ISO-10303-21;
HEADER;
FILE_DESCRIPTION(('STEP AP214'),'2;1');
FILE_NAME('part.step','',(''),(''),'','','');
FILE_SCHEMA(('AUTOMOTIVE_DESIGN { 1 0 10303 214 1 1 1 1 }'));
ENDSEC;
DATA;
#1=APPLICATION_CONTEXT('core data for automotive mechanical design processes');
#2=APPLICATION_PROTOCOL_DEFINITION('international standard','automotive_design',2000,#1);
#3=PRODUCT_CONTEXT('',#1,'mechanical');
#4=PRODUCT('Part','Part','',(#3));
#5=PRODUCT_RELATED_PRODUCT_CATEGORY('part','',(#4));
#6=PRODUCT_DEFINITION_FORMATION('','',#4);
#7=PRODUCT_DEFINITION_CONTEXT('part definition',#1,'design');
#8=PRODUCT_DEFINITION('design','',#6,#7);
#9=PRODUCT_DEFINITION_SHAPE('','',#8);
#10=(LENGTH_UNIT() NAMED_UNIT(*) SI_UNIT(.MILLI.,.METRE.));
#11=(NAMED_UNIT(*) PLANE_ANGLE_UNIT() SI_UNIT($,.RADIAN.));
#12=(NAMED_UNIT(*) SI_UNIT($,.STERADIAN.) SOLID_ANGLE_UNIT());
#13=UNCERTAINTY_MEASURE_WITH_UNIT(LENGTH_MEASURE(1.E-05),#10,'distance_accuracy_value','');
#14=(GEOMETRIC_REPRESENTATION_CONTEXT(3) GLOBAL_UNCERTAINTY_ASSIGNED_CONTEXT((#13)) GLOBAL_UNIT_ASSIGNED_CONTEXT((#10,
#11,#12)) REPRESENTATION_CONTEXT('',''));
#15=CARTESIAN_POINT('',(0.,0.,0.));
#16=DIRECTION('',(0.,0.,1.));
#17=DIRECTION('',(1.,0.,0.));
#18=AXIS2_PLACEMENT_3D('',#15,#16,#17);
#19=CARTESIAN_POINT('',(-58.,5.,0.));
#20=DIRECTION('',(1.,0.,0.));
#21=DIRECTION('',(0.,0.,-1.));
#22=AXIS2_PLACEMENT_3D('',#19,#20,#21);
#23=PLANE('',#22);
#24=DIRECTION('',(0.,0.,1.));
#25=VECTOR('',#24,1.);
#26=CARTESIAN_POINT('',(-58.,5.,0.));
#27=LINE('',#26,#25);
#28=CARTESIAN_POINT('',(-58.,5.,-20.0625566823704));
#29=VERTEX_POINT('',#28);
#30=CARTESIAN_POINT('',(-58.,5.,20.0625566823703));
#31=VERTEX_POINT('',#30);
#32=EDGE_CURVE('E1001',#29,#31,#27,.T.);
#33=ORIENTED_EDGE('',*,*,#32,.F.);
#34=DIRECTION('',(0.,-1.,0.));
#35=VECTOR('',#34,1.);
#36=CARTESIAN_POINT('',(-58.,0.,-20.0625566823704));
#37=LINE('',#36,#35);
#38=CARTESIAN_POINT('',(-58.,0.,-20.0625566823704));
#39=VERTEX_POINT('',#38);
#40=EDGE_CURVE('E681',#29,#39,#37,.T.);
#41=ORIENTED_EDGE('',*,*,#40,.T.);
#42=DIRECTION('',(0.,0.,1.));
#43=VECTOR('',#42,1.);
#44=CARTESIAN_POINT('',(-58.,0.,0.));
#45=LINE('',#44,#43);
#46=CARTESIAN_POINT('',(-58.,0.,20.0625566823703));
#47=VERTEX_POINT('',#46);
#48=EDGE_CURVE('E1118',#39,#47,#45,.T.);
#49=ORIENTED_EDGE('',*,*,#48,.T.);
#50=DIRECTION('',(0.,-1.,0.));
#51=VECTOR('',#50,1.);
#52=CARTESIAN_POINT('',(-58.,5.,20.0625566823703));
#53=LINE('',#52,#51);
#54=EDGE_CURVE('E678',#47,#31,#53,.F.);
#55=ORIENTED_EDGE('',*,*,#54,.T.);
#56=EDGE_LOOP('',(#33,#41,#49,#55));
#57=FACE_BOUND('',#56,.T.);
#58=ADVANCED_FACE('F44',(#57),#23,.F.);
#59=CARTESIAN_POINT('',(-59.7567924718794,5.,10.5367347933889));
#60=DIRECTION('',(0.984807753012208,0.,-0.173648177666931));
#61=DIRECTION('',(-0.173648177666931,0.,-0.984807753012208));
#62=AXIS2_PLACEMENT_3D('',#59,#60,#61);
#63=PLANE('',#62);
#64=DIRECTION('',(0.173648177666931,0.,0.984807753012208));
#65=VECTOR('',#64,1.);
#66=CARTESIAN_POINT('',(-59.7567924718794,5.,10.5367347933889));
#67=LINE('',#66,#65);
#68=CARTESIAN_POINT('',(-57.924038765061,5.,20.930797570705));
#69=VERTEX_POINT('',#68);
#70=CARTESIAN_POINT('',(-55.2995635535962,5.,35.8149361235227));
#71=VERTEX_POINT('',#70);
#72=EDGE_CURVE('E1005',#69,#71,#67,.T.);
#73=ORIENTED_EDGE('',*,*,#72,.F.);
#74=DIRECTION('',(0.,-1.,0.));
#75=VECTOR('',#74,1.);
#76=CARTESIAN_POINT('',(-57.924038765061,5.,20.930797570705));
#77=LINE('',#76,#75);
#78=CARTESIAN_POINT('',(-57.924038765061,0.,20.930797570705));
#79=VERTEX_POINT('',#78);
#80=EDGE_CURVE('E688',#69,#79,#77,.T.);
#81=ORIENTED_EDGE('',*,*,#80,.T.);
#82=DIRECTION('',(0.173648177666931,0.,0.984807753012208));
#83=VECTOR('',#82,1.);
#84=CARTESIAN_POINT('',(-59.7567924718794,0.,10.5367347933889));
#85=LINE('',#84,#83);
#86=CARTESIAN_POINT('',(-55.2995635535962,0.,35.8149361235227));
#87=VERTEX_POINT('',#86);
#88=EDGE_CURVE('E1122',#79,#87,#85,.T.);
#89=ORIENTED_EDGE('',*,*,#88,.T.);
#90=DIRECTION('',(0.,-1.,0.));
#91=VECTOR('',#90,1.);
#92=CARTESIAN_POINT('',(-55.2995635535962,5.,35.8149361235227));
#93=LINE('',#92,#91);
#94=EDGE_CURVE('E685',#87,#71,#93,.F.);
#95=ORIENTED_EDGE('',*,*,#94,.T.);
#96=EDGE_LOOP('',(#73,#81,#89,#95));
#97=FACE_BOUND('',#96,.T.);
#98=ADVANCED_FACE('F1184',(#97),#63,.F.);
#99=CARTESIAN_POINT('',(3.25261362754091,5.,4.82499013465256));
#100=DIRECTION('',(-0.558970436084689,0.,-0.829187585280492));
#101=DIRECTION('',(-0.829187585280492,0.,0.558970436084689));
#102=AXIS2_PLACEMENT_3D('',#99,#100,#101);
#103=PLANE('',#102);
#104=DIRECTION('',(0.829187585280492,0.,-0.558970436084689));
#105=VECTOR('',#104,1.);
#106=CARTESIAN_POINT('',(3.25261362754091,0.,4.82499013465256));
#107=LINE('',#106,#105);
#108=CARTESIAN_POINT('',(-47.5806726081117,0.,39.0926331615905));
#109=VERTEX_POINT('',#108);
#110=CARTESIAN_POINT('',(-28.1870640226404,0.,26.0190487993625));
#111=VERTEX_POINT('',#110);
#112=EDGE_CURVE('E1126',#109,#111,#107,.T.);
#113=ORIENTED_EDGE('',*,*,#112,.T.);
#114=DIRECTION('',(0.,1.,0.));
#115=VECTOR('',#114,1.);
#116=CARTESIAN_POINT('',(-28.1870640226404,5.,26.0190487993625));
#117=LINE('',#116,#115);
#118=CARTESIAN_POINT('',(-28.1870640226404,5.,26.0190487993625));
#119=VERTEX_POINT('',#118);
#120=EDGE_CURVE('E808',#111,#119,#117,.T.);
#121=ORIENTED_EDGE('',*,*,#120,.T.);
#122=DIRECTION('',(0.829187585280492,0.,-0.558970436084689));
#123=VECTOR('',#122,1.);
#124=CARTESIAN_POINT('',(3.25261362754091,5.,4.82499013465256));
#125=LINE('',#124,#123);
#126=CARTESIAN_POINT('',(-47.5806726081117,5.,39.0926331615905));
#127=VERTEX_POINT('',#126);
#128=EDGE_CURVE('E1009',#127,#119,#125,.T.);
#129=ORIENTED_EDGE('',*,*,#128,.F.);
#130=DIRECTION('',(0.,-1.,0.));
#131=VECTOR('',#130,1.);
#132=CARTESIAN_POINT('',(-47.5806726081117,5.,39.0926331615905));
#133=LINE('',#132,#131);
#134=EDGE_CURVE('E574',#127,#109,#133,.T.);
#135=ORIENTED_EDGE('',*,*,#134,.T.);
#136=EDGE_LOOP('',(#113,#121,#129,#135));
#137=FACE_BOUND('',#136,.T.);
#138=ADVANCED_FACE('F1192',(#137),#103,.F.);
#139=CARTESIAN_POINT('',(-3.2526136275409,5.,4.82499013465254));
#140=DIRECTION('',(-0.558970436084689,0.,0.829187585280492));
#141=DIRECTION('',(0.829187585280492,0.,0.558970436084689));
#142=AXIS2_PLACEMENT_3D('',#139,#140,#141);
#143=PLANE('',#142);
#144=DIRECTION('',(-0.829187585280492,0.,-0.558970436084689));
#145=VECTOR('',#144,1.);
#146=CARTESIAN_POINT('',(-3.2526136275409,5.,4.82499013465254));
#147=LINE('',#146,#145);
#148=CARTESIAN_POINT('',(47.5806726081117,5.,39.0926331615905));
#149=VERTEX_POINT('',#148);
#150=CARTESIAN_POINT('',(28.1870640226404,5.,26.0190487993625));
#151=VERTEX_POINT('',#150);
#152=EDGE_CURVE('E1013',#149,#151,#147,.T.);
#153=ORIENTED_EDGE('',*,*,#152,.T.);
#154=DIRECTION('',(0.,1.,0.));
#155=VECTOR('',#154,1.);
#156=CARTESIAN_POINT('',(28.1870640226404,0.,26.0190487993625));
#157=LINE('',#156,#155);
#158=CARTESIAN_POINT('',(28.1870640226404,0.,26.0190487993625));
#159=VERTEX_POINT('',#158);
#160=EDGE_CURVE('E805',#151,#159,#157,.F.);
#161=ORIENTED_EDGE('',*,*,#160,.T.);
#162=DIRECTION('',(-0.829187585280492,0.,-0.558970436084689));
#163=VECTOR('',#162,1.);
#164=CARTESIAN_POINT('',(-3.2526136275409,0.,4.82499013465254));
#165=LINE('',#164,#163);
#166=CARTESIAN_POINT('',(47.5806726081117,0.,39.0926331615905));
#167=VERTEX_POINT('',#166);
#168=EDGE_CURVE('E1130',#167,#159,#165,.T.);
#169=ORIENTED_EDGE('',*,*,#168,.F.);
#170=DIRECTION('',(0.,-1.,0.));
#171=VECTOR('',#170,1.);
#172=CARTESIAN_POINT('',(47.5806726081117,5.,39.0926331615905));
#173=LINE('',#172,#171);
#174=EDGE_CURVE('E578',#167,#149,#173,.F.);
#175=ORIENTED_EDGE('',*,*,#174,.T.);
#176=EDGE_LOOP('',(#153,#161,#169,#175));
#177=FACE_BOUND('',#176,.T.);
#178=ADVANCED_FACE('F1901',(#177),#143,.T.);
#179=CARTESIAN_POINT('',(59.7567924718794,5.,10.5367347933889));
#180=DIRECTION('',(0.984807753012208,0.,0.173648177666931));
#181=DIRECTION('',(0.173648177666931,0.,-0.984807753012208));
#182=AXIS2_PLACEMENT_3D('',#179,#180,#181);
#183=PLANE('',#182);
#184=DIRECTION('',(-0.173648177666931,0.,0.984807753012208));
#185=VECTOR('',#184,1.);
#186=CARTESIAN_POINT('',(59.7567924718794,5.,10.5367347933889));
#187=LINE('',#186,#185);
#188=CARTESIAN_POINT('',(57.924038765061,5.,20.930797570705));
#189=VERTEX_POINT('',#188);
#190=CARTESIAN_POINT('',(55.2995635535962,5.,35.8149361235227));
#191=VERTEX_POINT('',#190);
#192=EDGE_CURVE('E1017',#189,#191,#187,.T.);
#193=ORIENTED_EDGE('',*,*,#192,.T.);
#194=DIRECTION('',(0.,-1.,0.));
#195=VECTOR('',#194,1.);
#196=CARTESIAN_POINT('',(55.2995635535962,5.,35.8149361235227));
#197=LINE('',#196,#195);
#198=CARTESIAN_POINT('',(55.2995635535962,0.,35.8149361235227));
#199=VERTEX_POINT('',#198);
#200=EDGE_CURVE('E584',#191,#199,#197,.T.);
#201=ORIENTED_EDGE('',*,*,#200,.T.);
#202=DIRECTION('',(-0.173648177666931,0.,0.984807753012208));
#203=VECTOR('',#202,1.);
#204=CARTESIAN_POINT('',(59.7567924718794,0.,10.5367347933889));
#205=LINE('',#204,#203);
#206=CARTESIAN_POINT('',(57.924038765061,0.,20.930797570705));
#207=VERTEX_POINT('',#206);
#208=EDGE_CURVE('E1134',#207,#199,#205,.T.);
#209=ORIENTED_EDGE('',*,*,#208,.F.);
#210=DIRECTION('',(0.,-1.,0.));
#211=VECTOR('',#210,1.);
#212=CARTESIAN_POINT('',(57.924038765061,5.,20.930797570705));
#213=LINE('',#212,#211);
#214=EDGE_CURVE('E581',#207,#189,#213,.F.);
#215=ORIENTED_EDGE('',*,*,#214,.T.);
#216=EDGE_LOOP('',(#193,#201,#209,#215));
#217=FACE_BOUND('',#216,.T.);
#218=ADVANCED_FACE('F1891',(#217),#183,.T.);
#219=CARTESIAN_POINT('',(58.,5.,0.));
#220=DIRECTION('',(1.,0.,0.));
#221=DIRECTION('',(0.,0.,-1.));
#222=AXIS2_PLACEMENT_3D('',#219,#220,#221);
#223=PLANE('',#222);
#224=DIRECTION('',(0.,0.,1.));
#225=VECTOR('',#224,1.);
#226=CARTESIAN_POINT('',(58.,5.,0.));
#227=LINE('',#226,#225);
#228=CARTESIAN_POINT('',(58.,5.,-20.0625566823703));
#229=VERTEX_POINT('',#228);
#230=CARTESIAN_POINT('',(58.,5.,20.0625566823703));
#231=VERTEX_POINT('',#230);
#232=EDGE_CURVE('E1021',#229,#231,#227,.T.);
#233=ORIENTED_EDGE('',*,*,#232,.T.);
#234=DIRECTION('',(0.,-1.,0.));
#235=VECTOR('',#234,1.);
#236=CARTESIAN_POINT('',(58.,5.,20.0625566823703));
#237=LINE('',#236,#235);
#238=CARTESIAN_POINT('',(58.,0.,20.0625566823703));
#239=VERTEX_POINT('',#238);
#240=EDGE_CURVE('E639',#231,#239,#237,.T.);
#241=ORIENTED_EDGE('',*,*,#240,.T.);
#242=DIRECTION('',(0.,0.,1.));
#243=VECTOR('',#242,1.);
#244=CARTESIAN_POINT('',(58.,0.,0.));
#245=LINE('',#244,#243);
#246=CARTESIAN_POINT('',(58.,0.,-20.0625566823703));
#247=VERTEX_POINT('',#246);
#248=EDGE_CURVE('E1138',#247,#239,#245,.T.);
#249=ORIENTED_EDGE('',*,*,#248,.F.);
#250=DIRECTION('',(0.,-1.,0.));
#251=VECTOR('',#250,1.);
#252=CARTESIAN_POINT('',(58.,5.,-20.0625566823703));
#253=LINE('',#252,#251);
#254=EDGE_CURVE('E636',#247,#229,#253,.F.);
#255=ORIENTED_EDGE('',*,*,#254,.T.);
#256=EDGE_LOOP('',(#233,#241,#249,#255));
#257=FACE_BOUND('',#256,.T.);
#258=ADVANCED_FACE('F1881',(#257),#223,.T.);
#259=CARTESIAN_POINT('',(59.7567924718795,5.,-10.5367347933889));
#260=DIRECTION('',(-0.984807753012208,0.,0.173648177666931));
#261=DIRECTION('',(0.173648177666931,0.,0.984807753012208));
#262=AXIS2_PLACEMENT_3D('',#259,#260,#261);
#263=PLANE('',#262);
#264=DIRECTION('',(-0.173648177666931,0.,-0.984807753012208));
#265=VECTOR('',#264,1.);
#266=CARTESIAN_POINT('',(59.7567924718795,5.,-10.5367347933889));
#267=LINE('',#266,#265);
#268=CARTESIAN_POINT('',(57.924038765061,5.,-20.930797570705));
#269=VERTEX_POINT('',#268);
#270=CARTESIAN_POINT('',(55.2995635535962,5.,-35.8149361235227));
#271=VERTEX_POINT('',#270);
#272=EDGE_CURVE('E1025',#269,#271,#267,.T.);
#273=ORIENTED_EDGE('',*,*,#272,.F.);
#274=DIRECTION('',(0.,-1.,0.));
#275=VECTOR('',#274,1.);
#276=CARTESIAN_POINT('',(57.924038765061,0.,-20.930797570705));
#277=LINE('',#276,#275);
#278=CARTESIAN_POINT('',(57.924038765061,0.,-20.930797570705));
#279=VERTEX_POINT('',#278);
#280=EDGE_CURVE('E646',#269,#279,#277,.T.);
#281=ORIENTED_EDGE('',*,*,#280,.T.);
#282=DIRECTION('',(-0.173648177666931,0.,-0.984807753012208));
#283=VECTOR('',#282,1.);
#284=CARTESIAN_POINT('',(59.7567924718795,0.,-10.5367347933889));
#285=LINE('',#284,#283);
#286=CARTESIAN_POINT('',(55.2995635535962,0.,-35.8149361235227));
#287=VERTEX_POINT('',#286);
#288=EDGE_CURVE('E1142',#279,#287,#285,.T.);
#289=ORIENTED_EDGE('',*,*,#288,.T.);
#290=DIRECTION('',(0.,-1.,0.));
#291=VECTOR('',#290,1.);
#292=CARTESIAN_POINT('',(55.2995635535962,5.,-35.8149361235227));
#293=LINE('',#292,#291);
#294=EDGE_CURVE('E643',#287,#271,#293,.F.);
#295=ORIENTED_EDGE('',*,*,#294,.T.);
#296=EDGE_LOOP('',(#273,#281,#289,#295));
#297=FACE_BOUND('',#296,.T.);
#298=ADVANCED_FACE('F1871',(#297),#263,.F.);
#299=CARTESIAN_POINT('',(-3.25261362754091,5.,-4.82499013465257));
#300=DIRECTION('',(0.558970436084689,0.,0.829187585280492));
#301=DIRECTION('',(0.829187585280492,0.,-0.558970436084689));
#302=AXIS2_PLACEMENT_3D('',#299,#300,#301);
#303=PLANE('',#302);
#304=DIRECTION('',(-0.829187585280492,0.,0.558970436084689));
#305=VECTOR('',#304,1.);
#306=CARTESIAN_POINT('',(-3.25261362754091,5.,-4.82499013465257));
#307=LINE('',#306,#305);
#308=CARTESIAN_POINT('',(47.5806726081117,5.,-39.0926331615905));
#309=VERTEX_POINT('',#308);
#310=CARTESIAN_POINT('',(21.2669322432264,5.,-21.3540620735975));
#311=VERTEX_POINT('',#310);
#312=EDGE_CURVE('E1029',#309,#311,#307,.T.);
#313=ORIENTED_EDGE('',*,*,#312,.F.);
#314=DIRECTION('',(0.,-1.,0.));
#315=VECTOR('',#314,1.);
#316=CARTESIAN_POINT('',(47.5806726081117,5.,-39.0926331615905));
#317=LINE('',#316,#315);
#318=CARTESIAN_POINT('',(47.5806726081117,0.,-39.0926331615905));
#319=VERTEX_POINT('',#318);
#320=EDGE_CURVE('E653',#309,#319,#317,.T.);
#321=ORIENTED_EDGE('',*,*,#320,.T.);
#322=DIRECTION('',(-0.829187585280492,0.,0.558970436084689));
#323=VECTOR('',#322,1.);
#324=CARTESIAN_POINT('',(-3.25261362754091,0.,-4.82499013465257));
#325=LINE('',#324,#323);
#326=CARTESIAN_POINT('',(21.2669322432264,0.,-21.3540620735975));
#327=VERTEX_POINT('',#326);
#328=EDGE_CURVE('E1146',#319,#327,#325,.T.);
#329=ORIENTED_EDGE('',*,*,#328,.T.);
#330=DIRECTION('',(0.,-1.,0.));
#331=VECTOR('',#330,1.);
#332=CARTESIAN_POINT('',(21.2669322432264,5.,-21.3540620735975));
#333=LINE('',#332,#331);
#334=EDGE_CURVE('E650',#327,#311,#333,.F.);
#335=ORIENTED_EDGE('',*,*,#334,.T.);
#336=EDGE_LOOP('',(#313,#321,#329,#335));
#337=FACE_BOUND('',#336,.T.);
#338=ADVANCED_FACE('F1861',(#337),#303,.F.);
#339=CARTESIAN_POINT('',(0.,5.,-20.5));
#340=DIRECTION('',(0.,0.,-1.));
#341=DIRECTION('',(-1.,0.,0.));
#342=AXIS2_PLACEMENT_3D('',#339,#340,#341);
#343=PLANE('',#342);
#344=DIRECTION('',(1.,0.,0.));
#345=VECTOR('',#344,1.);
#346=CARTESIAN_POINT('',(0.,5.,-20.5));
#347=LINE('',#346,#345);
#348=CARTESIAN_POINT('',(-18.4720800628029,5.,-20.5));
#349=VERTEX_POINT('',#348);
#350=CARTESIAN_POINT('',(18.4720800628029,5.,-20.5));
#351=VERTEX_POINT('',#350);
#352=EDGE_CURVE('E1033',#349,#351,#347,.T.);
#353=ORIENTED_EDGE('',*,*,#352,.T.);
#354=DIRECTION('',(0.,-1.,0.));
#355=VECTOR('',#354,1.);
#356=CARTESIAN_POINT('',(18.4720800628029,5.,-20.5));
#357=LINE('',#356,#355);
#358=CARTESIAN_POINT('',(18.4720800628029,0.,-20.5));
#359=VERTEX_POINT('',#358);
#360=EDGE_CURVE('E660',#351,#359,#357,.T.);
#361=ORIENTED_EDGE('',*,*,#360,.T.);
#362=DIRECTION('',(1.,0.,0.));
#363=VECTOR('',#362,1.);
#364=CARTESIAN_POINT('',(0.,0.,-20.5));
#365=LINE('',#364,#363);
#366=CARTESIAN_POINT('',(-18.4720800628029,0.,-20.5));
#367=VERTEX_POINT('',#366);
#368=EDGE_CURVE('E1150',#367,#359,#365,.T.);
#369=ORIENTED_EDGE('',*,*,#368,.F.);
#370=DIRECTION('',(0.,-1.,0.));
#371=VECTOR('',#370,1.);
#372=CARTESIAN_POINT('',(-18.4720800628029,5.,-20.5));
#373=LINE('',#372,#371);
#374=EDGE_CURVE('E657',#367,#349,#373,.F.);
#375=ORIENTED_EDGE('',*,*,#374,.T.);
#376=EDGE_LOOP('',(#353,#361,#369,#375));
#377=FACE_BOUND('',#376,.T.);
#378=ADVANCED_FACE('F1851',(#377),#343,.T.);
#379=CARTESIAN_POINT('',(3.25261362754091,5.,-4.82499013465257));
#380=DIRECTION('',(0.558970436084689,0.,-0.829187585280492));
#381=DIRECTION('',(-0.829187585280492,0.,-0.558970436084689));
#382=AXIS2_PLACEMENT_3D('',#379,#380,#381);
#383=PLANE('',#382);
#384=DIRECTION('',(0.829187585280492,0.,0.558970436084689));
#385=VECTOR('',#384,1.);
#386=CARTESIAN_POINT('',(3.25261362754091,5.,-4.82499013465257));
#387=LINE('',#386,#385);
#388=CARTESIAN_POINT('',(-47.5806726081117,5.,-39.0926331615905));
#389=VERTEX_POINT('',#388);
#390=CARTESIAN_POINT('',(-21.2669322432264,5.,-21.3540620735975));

▶ Task item
Only the lines above from the one with "#101=DIRECTION('',(-0.829187585280492,0.,0.558970436084689));" through the one with "#119=VERTEX_POINT('',#118);" should be duplicated, character for character.

▶ Answer to the problem
#101=DIRECTION('',(-0.829187585280492,0.,0.558970436084689));
#102=AXIS2_PLACEMENT_3D('',#99,#100,#101);
#103=PLANE('',#102);
#104=DIRECTION('',(0.829187585280492,0.,-0.558970436084689));
#105=VECTOR('',#104,1.);
#106=CARTESIAN_POINT('',(3.25261362754091,0.,4.82499013465256));
#107=LINE('',#106,#105);
#108=CARTESIAN_POINT('',(-47.5806726081117,0.,39.0926331615905));
#109=VERTEX_POINT('',#108);
#110=CARTESIAN_POINT('',(-28.1870640226404,0.,26.0190487993625));
#111=VERTEX_POINT('',#110);
#112=EDGE_CURVE('E1126',#109,#111,#107,.T.);
#113=ORIENTED_EDGE('',*,*,#112,.T.);
#114=DIRECTION('',(0.,1.,0.));
#115=VECTOR('',#114,1.);
#116=CARTESIAN_POINT('',(-28.1870640226404,5.,26.0190487993625));
#117=LINE('',#116,#115);
#118=CARTESIAN_POINT('',(-28.1870640226404,5.,26.0190487993625));
#119=VERTEX_POINT('',#118);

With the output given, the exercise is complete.